さらにもっと問題が根深いのは、わたしたちは「高齢者」などとひとくくりにしがちであるが、不思議なことに自らが高齢者になることは驚くほど想定されていないことだ。これは老化への反動であるアンチエイジングブームの奥底にある「時間感覚」の欠如とでも評すべきものだ。

わたしたちは健康体ゆえの無責任な立ち位置を好む

「時間」とは何か? それは生成と消滅であり、誕生と死であって、誰1人この制約からは逃れられない。しかしながら、わたしたちはしばしば重大な決定をする際に「時間の外」にいるのだ。
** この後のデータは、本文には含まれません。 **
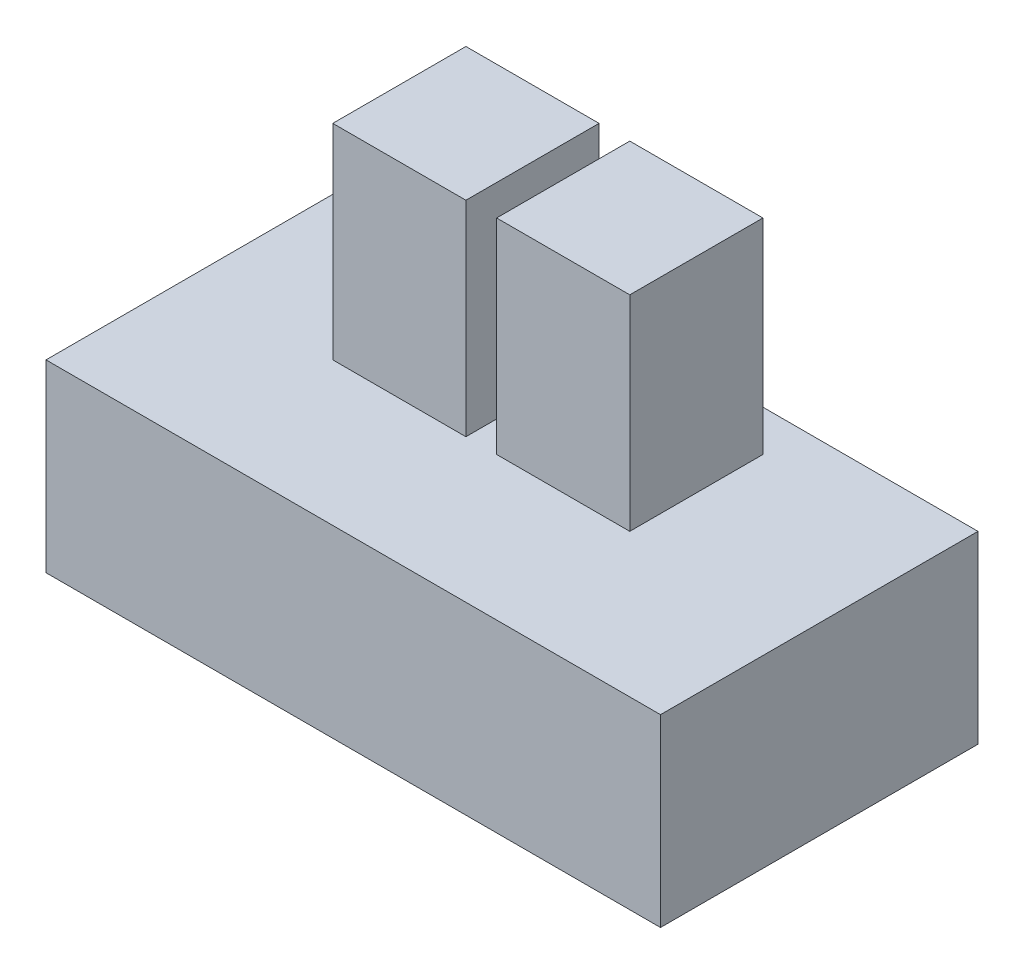
ISO-10303-21;
HEADER;
FILE_DESCRIPTION(('STEP AP214'),'2;1');
FILE_NAME('part.step','',(''),(''),'','','');
FILE_SCHEMA(('AUTOMOTIVE_DESIGN { 1 0 10303 214 1 1 1 1 }'));
ENDSEC;
DATA;
#1=APPLICATION_CONTEXT('core data for automotive mechanical design processes');
#2=APPLICATION_PROTOCOL_DEFINITION('international standard','automotive_design',2000,#1);
#3=PRODUCT_CONTEXT('',#1,'mechanical');
#4=PRODUCT('Part','Part','',(#3));
#5=PRODUCT_RELATED_PRODUCT_CATEGORY('part','',(#4));
#6=PRODUCT_DEFINITION_FORMATION('','',#4);
#7=PRODUCT_DEFINITION_CONTEXT('part definition',#1,'design');
#8=PRODUCT_DEFINITION('design','',#6,#7);
#9=PRODUCT_DEFINITION_SHAPE('','',#8);
#10=(LENGTH_UNIT() NAMED_UNIT(*) SI_UNIT(.MILLI.,.METRE.));
#11=(NAMED_UNIT(*) PLANE_ANGLE_UNIT() SI_UNIT($,.RADIAN.));
#12=(NAMED_UNIT(*) SI_UNIT($,.STERADIAN.) SOLID_ANGLE_UNIT());
#13=UNCERTAINTY_MEASURE_WITH_UNIT(LENGTH_MEASURE(1.E-05),#10,'distance_accuracy_value','');
#14=(GEOMETRIC_REPRESENTATION_CONTEXT(3) GLOBAL_UNCERTAINTY_ASSIGNED_CONTEXT((#13)) GLOBAL_UNIT_ASSIGNED_CONTEXT((#10,
#11,#12)) REPRESENTATION_CONTEXT('',''));
#15=CARTESIAN_POINT('',(0.,0.,0.));
#16=DIRECTION('',(0.,0.,1.));
#17=DIRECTION('',(1.,0.,0.));
#18=AXIS2_PLACEMENT_3D('',#15,#16,#17);
#19=CARTESIAN_POINT('',(0.,18.,0.));
#20=DIRECTION('',(0.,1.,0.));
#21=DIRECTION('',(0.,0.,1.));
#22=AXIS2_PLACEMENT_3D('',#19,#20,#21);
#23=PLANE('',#22);
#24=DIRECTION('',(1.,0.,0.));
#25=VECTOR('',#24,1.);
#26=CARTESIAN_POINT('',(-26.8070343531532,18.,8.11477990751526));
#27=LINE('',#26,#25);
#28=CARTESIAN_POINT('',(-26.8070343531532,18.,8.11477990751526));
#29=VERTEX_POINT('',#28);
#30=CARTESIAN_POINT('',(-13.8070343531532,18.,8.11477990751526));
#31=VERTEX_POINT('',#30);
#32=EDGE_CURVE('E395',#29,#31,#27,.T.);
#33=ORIENTED_EDGE('',*,*,#32,.F.);
#34=DIRECTION('',(0.,0.,1.));
#35=VECTOR('',#34,1.);
#36=CARTESIAN_POINT('',(-26.8070343531532,18.,-4.88522009248474));
#37=LINE('',#36,#35);
#38=CARTESIAN_POINT('',(-26.8070343531532,18.,-4.88522009248474));
#39=VERTEX_POINT('',#38);
#40=EDGE_CURVE('E381',#39,#29,#37,.T.);
#41=ORIENTED_EDGE('',*,*,#40,.F.);
#42=DIRECTION('',(-1.,0.,0.));
#43=VECTOR('',#42,1.);
#44=CARTESIAN_POINT('',(-26.8070343531532,18.,-4.88522009248474));
#45=LINE('',#44,#43);
#46=CARTESIAN_POINT('',(-13.8070343531532,18.,-4.88522009248474));
#47=VERTEX_POINT('',#46);
#48=EDGE_CURVE('E386',#47,#39,#45,.T.);
#49=ORIENTED_EDGE('',*,*,#48,.F.);
#50=DIRECTION('',(0.,0.,-1.));
#51=VECTOR('',#50,1.);
#52=CARTESIAN_POINT('',(-13.8070343531532,18.,-4.88522009248474));
#53=LINE('',#52,#51);
#54=EDGE_CURVE('E397',#31,#47,#53,.T.);
#55=ORIENTED_EDGE('',*,*,#54,.F.);
#56=EDGE_LOOP('',(#33,#41,#49,#55));
#57=FACE_BOUND('',#56,.T.);
#58=DIRECTION('',(0.,0.,1.));
#59=VECTOR('',#58,1.);
#60=CARTESIAN_POINT('',(-40.8070343531532,18.,-8.88522009248474));
#61=LINE('',#60,#59);
#62=CARTESIAN_POINT('',(-40.8070343531532,18.,-8.88522009248474));
#63=VERTEX_POINT('',#62);
#64=CARTESIAN_POINT('',(-40.8070343531532,18.,22.1147799075153));
#65=VERTEX_POINT('',#64);
#66=EDGE_CURVE('E411',#63,#65,#61,.T.);
#67=ORIENTED_EDGE('',*,*,#66,.T.);
#68=DIRECTION('',(1.,0.,0.));
#69=VECTOR('',#68,1.);
#70=CARTESIAN_POINT('',(-40.8070343531532,18.,22.1147799075153));
#71=LINE('',#70,#69);
#72=CARTESIAN_POINT('',(19.1929656468468,18.,22.1147799075153));
#73=VERTEX_POINT('',#72);
#74=EDGE_CURVE('E414',#65,#73,#71,.T.);
#75=ORIENTED_EDGE('',*,*,#74,.T.);
#76=DIRECTION('',(0.,0.,-1.));
#77=VECTOR('',#76,1.);
#78=CARTESIAN_POINT('',(19.1929656468468,18.,-8.88522009248474));
#79=LINE('',#78,#77);
#80=CARTESIAN_POINT('',(19.1929656468468,18.,-8.88522009248474));
#81=VERTEX_POINT('',#80);
#82=EDGE_CURVE('E417',#73,#81,#79,.T.);
#83=ORIENTED_EDGE('',*,*,#82,.T.);
#84=DIRECTION('',(-1.,0.,0.));
#85=VECTOR('',#84,1.);
#86=CARTESIAN_POINT('',(-40.8070343531532,18.,-8.88522009248474));
#87=LINE('',#86,#85);
#88=EDGE_CURVE('E419',#81,#63,#87,.T.);
#89=ORIENTED_EDGE('',*,*,#88,.T.);
#90=EDGE_LOOP('',(#67,#75,#83,#89));
#91=FACE_BOUND('',#90,.T.);
#92=DIRECTION('',(1.,0.,0.));
#93=VECTOR('',#92,1.);
#94=CARTESIAN_POINT('',(-10.8070343531532,18.,8.11477990751526));
#95=LINE('',#94,#93);
#96=CARTESIAN_POINT('',(-10.8070343531532,18.,8.11477990751526));
#97=VERTEX_POINT('',#96);
#98=CARTESIAN_POINT('',(2.19296564684683,18.,8.11477990751526));
#99=VERTEX_POINT('',#98);
#100=EDGE_CURVE('E366',#97,#99,#95,.T.);
#101=ORIENTED_EDGE('',*,*,#100,.F.);
#102=DIRECTION('',(0.,0.,1.));
#103=VECTOR('',#102,1.);
#104=CARTESIAN_POINT('',(-10.8070343531532,18.,-4.88522009248474));
#105=LINE('',#104,#103);
#106=CARTESIAN_POINT('',(-10.8070343531532,18.,-4.88522009248474));
#107=VERTEX_POINT('',#106);
#108=EDGE_CURVE('E346',#107,#97,#105,.T.);
#109=ORIENTED_EDGE('',*,*,#108,.F.);
#110=DIRECTION('',(-1.,0.,0.));
#111=VECTOR('',#110,1.);
#112=CARTESIAN_POINT('',(-10.8070343531532,18.,-4.88522009248474));
#113=LINE('',#112,#111);
#114=CARTESIAN_POINT('',(2.19296564684683,18.,-4.88522009248474));
#115=VERTEX_POINT('',#114);
#116=EDGE_CURVE('E357',#115,#107,#113,.T.);
#117=ORIENTED_EDGE('',*,*,#116,.F.);
#118=DIRECTION('',(0.,0.,-1.));
#119=VECTOR('',#118,1.);
#120=CARTESIAN_POINT('',(2.19296564684683,18.,-4.88522009248474));
#121=LINE('',#120,#119);
#122=EDGE_CURVE('E368',#99,#115,#121,.T.);
#123=ORIENTED_EDGE('',*,*,#122,.F.);
#124=EDGE_LOOP('',(#101,#109,#117,#123));
#125=FACE_BOUND('',#124,.T.);
#126=ADVANCED_FACE('F35',(#57,#91,#125),#23,.T.);
#127=CARTESIAN_POINT('',(-40.8070343531532,18.,-8.88522009248474));
#128=DIRECTION('',(1.,0.,0.));
#129=DIRECTION('',(0.,0.,-1.));
#130=AXIS2_PLACEMENT_3D('',#127,#128,#129);
#131=PLANE('',#130);
#132=DIRECTION('',(0.,0.,1.));
#133=VECTOR('',#132,1.);
#134=CARTESIAN_POINT('',(-40.8070343531532,6.,14.6147799075153));
#135=LINE('',#134,#133);
#136=CARTESIAN_POINT('',(-40.8070343531532,6.,14.6147799075153));
#137=VERTEX_POINT('',#136);
#138=CARTESIAN_POINT('',(-40.8070343531532,6.,17.6147799075153));
#139=VERTEX_POINT('',#138);
#140=EDGE_CURVE('E249',#137,#139,#135,.T.);
#141=ORIENTED_EDGE('',*,*,#140,.F.);
#142=DIRECTION('',(0.,-1.,0.));
#143=VECTOR('',#142,1.);
#144=CARTESIAN_POINT('',(-40.8070343531532,9.,14.6147799075153));
#145=LINE('',#144,#143);
#146=CARTESIAN_POINT('',(-40.8070343531532,9.,14.6147799075153));
#147=VERTEX_POINT('',#146);
#148=EDGE_CURVE('E50',#147,#137,#145,.T.);
#149=ORIENTED_EDGE('',*,*,#148,.F.);
#150=DIRECTION('',(0.,0.,-1.));
#151=VECTOR('',#150,1.);
#152=CARTESIAN_POINT('',(-40.8070343531532,9.,14.6147799075153));
#153=LINE('',#152,#151);
#154=CARTESIAN_POINT('',(-40.8070343531532,9.,17.6147799075153));
#155=VERTEX_POINT('',#154);
#156=EDGE_CURVE('E240',#155,#147,#153,.T.);
#157=ORIENTED_EDGE('',*,*,#156,.F.);
#158=DIRECTION('',(0.,1.,0.));
#159=VECTOR('',#158,1.);
#160=CARTESIAN_POINT('',(-40.8070343531532,9.,17.6147799075153));
#161=LINE('',#160,#159);
#162=EDGE_CURVE('E243',#139,#155,#161,.T.);
#163=ORIENTED_EDGE('',*,*,#162,.F.);
#164=EDGE_LOOP('',(#141,#149,#157,#163));
#165=FACE_BOUND('',#164,.T.);
#166=DIRECTION('',(0.,0.,1.));
#167=VECTOR('',#166,1.);
#168=CARTESIAN_POINT('',(-40.8070343531532,6.,9.11477990751526));
#169=LINE('',#168,#167);
#170=CARTESIAN_POINT('',(-40.8070343531532,6.,9.11477990751526));
#171=VERTEX_POINT('',#170);
#172=CARTESIAN_POINT('',(-40.8070343531532,6.,12.1147799075153));
#173=VERTEX_POINT('',#172);
#174=EDGE_CURVE('E273',#171,#173,#169,.T.);
#175=ORIENTED_EDGE('',*,*,#174,.F.);
#176=DIRECTION('',(0.,-1.,0.));
#177=VECTOR('',#176,1.);
#178=CARTESIAN_POINT('',(-40.8070343531532,9.,9.11477990751526));
#179=LINE('',#178,#177);
#180=CARTESIAN_POINT('',(-40.8070343531532,9.,9.11477990751526));
#181=VERTEX_POINT('',#180);
#182=EDGE_CURVE('E58',#181,#171,#179,.T.);
#183=ORIENTED_EDGE('',*,*,#182,.F.);
#184=DIRECTION('',(0.,0.,-1.));
#185=VECTOR('',#184,1.);
#186=CARTESIAN_POINT('',(-40.8070343531532,9.,9.11477990751526));
#187=LINE('',#186,#185);
#188=CARTESIAN_POINT('',(-40.8070343531532,9.,12.1147799075153));
#189=VERTEX_POINT('',#188);
#190=EDGE_CURVE('E262',#189,#181,#187,.T.);
#191=ORIENTED_EDGE('',*,*,#190,.F.);
#192=DIRECTION('',(0.,1.,0.));
#193=VECTOR('',#192,1.);
#194=CARTESIAN_POINT('',(-40.8070343531532,9.,12.1147799075153));
#195=LINE('',#194,#193);
#196=EDGE_CURVE('E276',#173,#189,#195,.T.);
#197=ORIENTED_EDGE('',*,*,#196,.F.);
#198=EDGE_LOOP('',(#175,#183,#191,#197));
#199=FACE_BOUND('',#198,.T.);
#200=DIRECTION('',(0.,0.,1.));
#201=VECTOR('',#200,1.);
#202=CARTESIAN_POINT('',(-40.8070343531532,6.,1.11477990751526));
#203=LINE('',#202,#201);
#204=CARTESIAN_POINT('',(-40.8070343531532,6.,1.11477990751526));
#205=VERTEX_POINT('',#204);
#206=CARTESIAN_POINT('',(-40.8070343531532,6.,4.11477990751526));
#207=VERTEX_POINT('',#206);
#208=EDGE_CURVE('E304',#205,#207,#203,.T.);
#209=ORIENTED_EDGE('',*,*,#208,.F.);
#210=DIRECTION('',(0.,-1.,0.));
#211=VECTOR('',#210,1.);
#212=CARTESIAN_POINT('',(-40.8070343531532,9.,1.11477990751526));
#213=LINE('',#212,#211);
#214=CARTESIAN_POINT('',(-40.8070343531532,9.,1.11477990751526));
#215=VERTEX_POINT('',#214);
#216=EDGE_CURVE('E283',#215,#205,#213,.T.);
#217=ORIENTED_EDGE('',*,*,#216,.F.);
#218=DIRECTION('',(0.,0.,-1.));
#219=VECTOR('',#218,1.);
#220=CARTESIAN_POINT('',(-40.8070343531532,9.,1.11477990751526));
#221=LINE('',#220,#219);
#222=CARTESIAN_POINT('',(-40.8070343531532,9.,4.11477990751526));
#223=VERTEX_POINT('',#222);
#224=EDGE_CURVE('E293',#223,#215,#221,.T.);
#225=ORIENTED_EDGE('',*,*,#224,.F.);
#226=DIRECTION('',(0.,1.,0.));
#227=VECTOR('',#226,1.);
#228=CARTESIAN_POINT('',(-40.8070343531532,9.,4.11477990751526));
#229=LINE('',#228,#227);
#230=EDGE_CURVE('E307',#207,#223,#229,.T.);
#231=ORIENTED_EDGE('',*,*,#230,.F.);
#232=EDGE_LOOP('',(#209,#217,#225,#231));
#233=FACE_BOUND('',#232,.T.);
#234=DIRECTION('',(0.,0.,1.));
#235=VECTOR('',#234,1.);
#236=CARTESIAN_POINT('',(-40.8070343531532,6.,-4.38522009248475));
#237=LINE('',#236,#235);
#238=CARTESIAN_POINT('',(-40.8070343531532,6.,-4.38522009248475));
#239=VERTEX_POINT('',#238);
#240=CARTESIAN_POINT('',(-40.8070343531532,6.,-1.38522009248474));
#241=VERTEX_POINT('',#240);
#242=EDGE_CURVE('E336',#239,#241,#237,.T.);
#243=ORIENTED_EDGE('',*,*,#242,.F.);
#244=DIRECTION('',(0.,-1.,0.));
#245=VECTOR('',#244,1.);
#246=CARTESIAN_POINT('',(-40.8070343531532,9.,-4.38522009248475));
#247=LINE('',#246,#245);
#248=CARTESIAN_POINT('',(-40.8070343531532,9.,-4.38522009248475));
#249=VERTEX_POINT('',#248);
#250=EDGE_CURVE('E314',#249,#239,#247,.T.);
#251=ORIENTED_EDGE('',*,*,#250,.F.);
#252=DIRECTION('',(0.,0.,-1.));
#253=VECTOR('',#252,1.);
#254=CARTESIAN_POINT('',(-40.8070343531532,9.,-4.38522009248475));
#255=LINE('',#254,#253);
#256=CARTESIAN_POINT('',(-40.8070343531532,9.,-1.38522009248474));
#257=VERTEX_POINT('',#256);
#258=EDGE_CURVE('E325',#257,#249,#255,.T.);
#259=ORIENTED_EDGE('',*,*,#258,.F.);
#260=DIRECTION('',(0.,1.,0.));
#261=VECTOR('',#260,1.);
#262=CARTESIAN_POINT('',(-40.8070343531532,9.,-1.38522009248474));
#263=LINE('',#262,#261);
#264=EDGE_CURVE('E339',#241,#257,#263,.T.);
#265=ORIENTED_EDGE('',*,*,#264,.F.);
#266=EDGE_LOOP('',(#243,#251,#259,#265));
#267=FACE_BOUND('',#266,.T.);
#268=DIRECTION('',(0.,0.,1.));
#269=VECTOR('',#268,1.);
#270=CARTESIAN_POINT('',(-40.8070343531532,0.,-8.88522009248474));
#271=LINE('',#270,#269);
#272=CARTESIAN_POINT('',(-40.8070343531532,0.,-8.88522009248474));
#273=VERTEX_POINT('',#272);
#274=CARTESIAN_POINT('',(-40.8070343531532,0.,22.1147799075153));
#275=VERTEX_POINT('',#274);
#276=EDGE_CURVE('E410',#273,#275,#271,.T.);
#277=ORIENTED_EDGE('',*,*,#276,.T.);
#278=DIRECTION('',(0.,-1.,0.));
#279=VECTOR('',#278,1.);
#280=CARTESIAN_POINT('',(-40.8070343531532,18.,22.1147799075153));
#281=LINE('',#280,#279);
#282=EDGE_CURVE('E11',#65,#275,#281,.T.);
#283=ORIENTED_EDGE('',*,*,#282,.F.);
#284=ORIENTED_EDGE('',*,*,#66,.F.);
#285=DIRECTION('',(0.,-1.,0.));
#286=VECTOR('',#285,1.);
#287=CARTESIAN_POINT('',(-40.8070343531532,18.,-8.88522009248474));
#288=LINE('',#287,#286);
#289=EDGE_CURVE('E421',#63,#273,#288,.T.);
#290=ORIENTED_EDGE('',*,*,#289,.T.);
#291=EDGE_LOOP('',(#277,#283,#284,#290));
#292=FACE_BOUND('',#291,.T.);
#293=ADVANCED_FACE('F37',(#165,#199,#233,#267,#292),#131,.F.);
#294=CARTESIAN_POINT('',(-40.8070343531532,18.,22.1147799075153));
#295=DIRECTION('',(0.,0.,-1.));
#296=DIRECTION('',(-1.,0.,0.));
#297=AXIS2_PLACEMENT_3D('',#294,#295,#296);
#298=PLANE('',#297);
#299=DIRECTION('',(1.,0.,0.));
#300=VECTOR('',#299,1.);
#301=CARTESIAN_POINT('',(-40.8070343531532,0.,22.1147799075153));
#302=LINE('',#301,#300);
#303=CARTESIAN_POINT('',(19.1929656468468,0.,22.1147799075153));
#304=VERTEX_POINT('',#303);
#305=EDGE_CURVE('E424',#275,#304,#302,.T.);
#306=ORIENTED_EDGE('',*,*,#305,.T.);
#307=DIRECTION('',(0.,-1.,0.));
#308=VECTOR('',#307,1.);
#309=CARTESIAN_POINT('',(19.1929656468468,18.,22.1147799075153));
#310=LINE('',#309,#308);
#311=EDGE_CURVE('E43',#73,#304,#310,.T.);
#312=ORIENTED_EDGE('',*,*,#311,.F.);
#313=ORIENTED_EDGE('',*,*,#74,.F.);
#314=ORIENTED_EDGE('',*,*,#282,.T.);
#315=EDGE_LOOP('',(#306,#312,#313,#314));
#316=FACE_BOUND('',#315,.T.);
#317=ADVANCED_FACE('F454',(#316),#298,.F.);
#318=CARTESIAN_POINT('',(19.1929656468468,18.,-8.88522009248474));
#319=DIRECTION('',(-1.,0.,0.));
#320=DIRECTION('',(0.,0.,1.));
#321=AXIS2_PLACEMENT_3D('',#318,#319,#320);
#322=PLANE('',#321);
#323=DIRECTION('',(0.,0.,-1.));
#324=VECTOR('',#323,1.);
#325=CARTESIAN_POINT('',(19.1929656468468,0.,-8.88522009248474));
#326=LINE('',#325,#324);
#327=CARTESIAN_POINT('',(19.1929656468468,0.,-8.88522009248474));
#328=VERTEX_POINT('',#327);
#329=EDGE_CURVE('E426',#304,#328,#326,.T.);
#330=ORIENTED_EDGE('',*,*,#329,.T.);
#331=DIRECTION('',(0.,-1.,0.));
#332=VECTOR('',#331,1.);
#333=CARTESIAN_POINT('',(19.1929656468468,18.,-8.88522009248474));
#334=LINE('',#333,#332);
#335=EDGE_CURVE('E431',#81,#328,#334,.T.);
#336=ORIENTED_EDGE('',*,*,#335,.F.);
#337=ORIENTED_EDGE('',*,*,#82,.F.);
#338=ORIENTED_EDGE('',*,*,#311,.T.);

衰えたり、病んだり、死んだりしない社会的な存在として物事を判断するのである。

自他が生物的な存在であることをケロリと忘れてしまい、よって周囲の「身体性を考慮しなくなる」厄介な思考である。ほとんどすべての現役世代が確実に介護が必要な高齢者(あるいは障害者)、つまりは「災害弱者」に仲間入りをするにもかかわらず、「生産年齢人口」という繭(まゆ)に包まれた健康体ゆえの無責任な立ち位置を好むのだ。

例えば、個人が主体的に決める延命措置の停止(これはこれで解決が困難な課題がいくつかある)と、優先順位ありきで実質的に強制される延命措置の停止には、外見上似たような光景に映ったとしても天と地ほどの開きがある。後者は、津久井やまゆり園の事件で顕在化した優生思想的な「命の選別」を容認する空気を作り出すことだろう。

地球温暖化による気候変動などの影響を踏まえれば、コロナ禍のようなパンデミック、いやそれ以上の規模の生物災害が、遠い将来、高齢者として生きることになる世代にも襲いかかることは明白だ。今、子どもや若者といった年齢層に区分けされている人々も高齢者になれば、同様の境遇に置かれることぐらいは容易に想像がつくだろう。